-- Stored data follows --

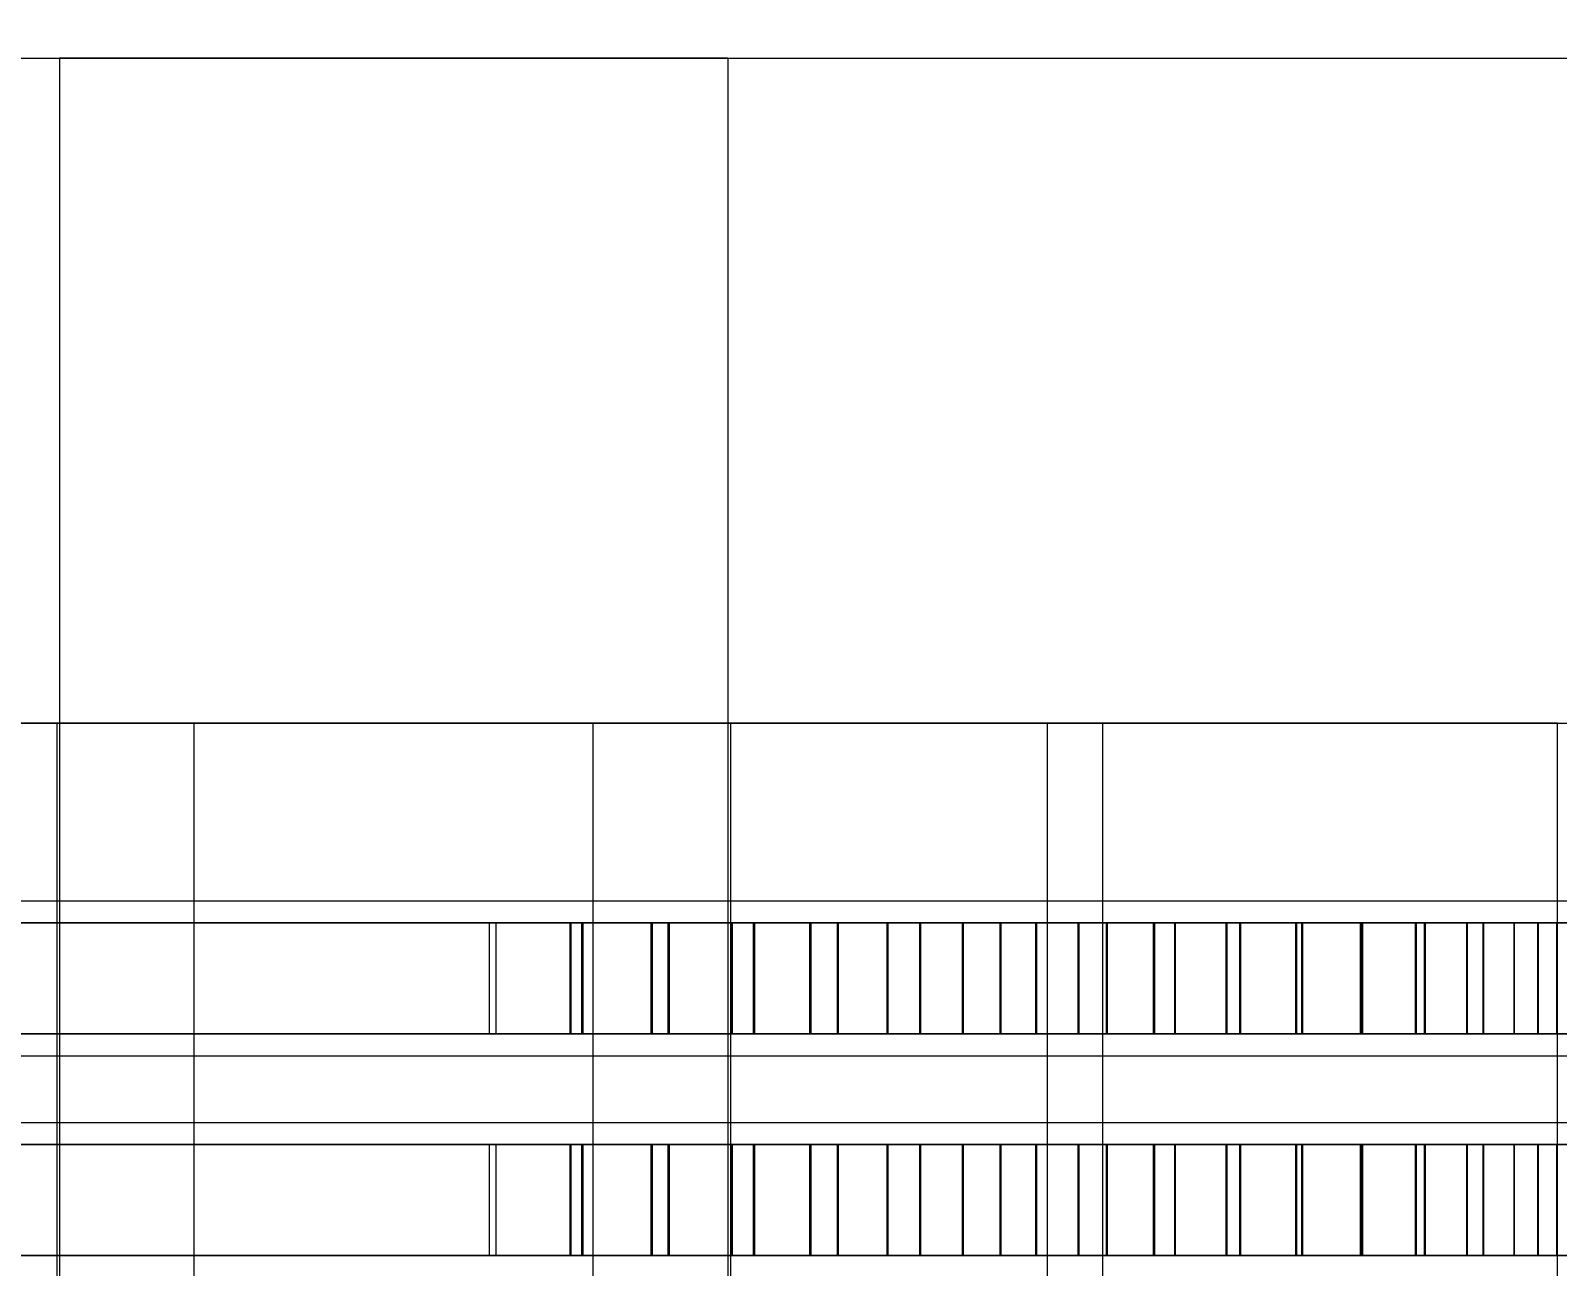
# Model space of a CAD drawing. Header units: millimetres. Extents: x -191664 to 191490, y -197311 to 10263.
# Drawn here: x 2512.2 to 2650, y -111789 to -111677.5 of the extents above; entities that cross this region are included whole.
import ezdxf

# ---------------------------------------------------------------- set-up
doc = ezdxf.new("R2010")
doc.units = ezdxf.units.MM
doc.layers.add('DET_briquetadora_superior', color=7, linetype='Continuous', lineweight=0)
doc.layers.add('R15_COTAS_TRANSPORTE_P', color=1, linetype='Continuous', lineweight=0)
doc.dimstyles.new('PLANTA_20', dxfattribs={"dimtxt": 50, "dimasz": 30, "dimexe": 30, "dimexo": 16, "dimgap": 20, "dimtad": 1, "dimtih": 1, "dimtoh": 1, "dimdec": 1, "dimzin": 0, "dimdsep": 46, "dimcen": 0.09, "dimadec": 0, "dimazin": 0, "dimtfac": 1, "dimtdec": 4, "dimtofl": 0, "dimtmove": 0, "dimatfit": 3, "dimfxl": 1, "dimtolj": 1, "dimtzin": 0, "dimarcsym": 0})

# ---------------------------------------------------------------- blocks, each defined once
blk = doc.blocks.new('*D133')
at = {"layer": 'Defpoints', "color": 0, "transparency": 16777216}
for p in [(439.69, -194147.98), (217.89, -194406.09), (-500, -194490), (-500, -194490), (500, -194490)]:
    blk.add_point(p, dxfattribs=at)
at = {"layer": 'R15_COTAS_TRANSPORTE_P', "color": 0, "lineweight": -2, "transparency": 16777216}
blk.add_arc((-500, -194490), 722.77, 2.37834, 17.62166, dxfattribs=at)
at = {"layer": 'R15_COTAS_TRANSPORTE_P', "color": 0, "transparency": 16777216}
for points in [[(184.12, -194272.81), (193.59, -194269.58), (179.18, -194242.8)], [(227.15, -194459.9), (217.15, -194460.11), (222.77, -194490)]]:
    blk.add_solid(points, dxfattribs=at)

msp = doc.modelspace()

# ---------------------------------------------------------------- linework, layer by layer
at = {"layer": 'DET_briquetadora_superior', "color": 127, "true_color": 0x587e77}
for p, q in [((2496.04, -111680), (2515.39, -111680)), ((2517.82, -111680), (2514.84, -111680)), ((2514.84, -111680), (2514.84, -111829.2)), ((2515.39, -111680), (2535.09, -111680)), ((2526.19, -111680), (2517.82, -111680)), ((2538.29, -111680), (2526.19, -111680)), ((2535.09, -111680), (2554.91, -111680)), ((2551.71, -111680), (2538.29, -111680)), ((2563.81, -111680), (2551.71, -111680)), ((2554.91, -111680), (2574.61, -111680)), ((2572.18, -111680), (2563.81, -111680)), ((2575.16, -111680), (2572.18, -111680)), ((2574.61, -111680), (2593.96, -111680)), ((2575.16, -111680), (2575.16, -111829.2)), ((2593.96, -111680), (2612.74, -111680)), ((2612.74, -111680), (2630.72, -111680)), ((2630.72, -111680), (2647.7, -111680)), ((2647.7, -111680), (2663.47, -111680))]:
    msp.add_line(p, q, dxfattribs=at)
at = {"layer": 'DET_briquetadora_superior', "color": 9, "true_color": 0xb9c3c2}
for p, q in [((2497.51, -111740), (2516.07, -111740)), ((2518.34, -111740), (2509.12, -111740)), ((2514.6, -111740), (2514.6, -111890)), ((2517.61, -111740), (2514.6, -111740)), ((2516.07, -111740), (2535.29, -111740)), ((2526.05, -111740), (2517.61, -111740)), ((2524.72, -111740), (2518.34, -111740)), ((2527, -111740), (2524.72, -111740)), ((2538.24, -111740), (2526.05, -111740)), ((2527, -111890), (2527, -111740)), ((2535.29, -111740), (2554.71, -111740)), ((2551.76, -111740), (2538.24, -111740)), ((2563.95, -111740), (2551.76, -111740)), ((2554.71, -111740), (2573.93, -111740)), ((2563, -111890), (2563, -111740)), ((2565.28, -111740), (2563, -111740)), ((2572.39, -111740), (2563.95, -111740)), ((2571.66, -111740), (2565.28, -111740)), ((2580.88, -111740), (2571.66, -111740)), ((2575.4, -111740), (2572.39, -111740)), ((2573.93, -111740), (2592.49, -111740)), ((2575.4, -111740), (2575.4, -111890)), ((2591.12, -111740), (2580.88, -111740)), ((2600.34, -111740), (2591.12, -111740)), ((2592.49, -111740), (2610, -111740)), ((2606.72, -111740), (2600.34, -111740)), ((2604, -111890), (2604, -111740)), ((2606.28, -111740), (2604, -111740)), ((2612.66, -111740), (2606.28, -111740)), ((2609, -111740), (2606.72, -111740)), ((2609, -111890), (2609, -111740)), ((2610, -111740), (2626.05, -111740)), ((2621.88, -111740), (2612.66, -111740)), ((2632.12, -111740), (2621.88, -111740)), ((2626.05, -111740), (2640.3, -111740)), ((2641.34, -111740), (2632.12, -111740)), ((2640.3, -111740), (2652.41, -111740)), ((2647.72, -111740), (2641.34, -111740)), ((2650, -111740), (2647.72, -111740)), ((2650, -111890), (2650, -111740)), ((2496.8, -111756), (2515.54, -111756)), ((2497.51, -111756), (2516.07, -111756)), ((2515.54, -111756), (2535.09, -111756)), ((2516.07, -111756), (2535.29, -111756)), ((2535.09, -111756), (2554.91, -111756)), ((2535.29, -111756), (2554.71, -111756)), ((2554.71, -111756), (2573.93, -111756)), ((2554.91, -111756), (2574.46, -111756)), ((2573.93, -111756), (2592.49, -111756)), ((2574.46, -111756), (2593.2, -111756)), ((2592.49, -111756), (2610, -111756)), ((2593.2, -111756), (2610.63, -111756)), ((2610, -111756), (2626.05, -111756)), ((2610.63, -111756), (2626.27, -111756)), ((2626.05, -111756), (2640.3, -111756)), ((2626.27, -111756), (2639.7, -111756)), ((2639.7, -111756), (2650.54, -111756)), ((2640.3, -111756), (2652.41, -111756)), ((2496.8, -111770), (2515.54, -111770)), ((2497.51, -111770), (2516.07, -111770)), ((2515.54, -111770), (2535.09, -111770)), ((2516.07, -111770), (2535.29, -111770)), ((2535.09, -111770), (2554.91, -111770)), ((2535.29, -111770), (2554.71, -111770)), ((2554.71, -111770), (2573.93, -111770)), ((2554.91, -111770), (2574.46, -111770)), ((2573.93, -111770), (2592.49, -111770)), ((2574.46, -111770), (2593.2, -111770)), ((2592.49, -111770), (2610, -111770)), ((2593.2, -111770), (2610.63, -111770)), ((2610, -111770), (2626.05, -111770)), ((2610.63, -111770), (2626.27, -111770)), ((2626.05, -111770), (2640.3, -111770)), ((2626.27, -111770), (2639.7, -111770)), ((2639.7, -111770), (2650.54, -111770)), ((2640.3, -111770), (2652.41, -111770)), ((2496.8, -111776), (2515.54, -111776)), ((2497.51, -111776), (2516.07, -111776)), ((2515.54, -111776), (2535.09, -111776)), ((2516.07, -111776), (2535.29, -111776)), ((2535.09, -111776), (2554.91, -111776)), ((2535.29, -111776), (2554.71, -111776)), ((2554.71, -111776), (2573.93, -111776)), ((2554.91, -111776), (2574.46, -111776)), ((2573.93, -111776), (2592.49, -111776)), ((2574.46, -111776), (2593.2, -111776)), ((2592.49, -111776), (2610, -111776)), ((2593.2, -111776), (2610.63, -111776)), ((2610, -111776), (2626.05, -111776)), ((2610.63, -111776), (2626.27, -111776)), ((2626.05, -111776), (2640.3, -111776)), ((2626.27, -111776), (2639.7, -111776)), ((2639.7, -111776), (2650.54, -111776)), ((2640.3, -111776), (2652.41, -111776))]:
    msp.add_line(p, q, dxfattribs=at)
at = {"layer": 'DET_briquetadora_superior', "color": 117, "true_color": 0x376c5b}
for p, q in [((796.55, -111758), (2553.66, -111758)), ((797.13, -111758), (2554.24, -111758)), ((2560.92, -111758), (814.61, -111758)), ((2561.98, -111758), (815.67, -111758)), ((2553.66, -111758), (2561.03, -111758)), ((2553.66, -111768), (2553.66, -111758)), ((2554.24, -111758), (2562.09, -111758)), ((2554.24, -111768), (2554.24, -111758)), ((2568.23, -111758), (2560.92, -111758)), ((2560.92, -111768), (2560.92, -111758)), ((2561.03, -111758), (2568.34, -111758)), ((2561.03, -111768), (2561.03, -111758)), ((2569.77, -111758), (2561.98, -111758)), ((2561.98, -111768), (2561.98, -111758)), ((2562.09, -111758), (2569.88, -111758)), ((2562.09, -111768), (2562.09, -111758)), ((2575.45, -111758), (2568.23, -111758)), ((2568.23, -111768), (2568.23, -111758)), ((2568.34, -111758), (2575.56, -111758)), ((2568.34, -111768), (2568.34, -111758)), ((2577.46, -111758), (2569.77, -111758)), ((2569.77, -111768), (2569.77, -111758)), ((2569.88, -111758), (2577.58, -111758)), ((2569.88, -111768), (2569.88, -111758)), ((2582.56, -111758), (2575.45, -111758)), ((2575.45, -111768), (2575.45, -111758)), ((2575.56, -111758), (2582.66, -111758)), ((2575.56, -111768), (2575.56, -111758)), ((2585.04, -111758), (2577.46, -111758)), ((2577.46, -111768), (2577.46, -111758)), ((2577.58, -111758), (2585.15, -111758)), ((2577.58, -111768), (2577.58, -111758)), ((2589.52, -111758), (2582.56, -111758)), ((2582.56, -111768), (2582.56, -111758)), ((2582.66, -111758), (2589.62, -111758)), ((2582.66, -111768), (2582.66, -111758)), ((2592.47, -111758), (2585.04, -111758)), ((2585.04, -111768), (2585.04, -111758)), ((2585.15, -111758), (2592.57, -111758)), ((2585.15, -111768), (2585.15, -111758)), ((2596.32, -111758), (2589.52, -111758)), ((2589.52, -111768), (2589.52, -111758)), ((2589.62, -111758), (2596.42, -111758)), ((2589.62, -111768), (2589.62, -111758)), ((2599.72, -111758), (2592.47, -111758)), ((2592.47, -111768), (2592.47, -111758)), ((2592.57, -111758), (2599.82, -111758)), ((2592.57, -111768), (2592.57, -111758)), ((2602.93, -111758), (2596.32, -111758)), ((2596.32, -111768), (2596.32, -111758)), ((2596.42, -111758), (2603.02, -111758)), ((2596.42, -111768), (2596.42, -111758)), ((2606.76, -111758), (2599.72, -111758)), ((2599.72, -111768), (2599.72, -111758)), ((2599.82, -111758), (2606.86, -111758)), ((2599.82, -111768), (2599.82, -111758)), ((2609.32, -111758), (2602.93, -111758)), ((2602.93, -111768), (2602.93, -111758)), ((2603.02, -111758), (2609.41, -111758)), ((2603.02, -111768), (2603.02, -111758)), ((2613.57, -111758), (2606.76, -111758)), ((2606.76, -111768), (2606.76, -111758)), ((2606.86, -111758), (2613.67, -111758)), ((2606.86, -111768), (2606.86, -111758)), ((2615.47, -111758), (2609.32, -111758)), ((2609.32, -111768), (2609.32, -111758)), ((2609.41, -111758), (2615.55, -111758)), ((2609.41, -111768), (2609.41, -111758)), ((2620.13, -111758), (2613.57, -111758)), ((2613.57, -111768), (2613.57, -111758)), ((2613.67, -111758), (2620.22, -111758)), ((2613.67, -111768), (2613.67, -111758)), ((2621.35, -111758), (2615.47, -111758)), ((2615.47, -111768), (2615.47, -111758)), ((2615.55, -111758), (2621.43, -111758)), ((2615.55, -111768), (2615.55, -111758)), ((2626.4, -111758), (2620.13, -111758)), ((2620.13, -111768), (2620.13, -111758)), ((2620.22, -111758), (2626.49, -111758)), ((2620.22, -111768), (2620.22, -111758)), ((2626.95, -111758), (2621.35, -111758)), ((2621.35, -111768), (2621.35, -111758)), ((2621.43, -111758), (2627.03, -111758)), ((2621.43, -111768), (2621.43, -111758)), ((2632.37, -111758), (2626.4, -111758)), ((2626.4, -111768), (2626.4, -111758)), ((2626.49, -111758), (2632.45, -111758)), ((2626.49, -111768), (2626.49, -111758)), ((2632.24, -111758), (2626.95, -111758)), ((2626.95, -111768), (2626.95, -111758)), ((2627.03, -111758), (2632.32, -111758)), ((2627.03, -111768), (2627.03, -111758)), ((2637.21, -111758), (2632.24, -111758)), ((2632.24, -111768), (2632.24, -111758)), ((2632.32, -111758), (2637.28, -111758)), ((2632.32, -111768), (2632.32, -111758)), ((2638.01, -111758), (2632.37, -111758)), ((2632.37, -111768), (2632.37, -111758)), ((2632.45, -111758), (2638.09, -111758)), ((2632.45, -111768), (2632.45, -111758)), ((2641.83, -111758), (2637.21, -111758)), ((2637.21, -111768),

-- Stored data concluded --

**What you are asked to do:** Examine the records above and state the number of lines that include "blocks", with no further text.

**Written answer:** 2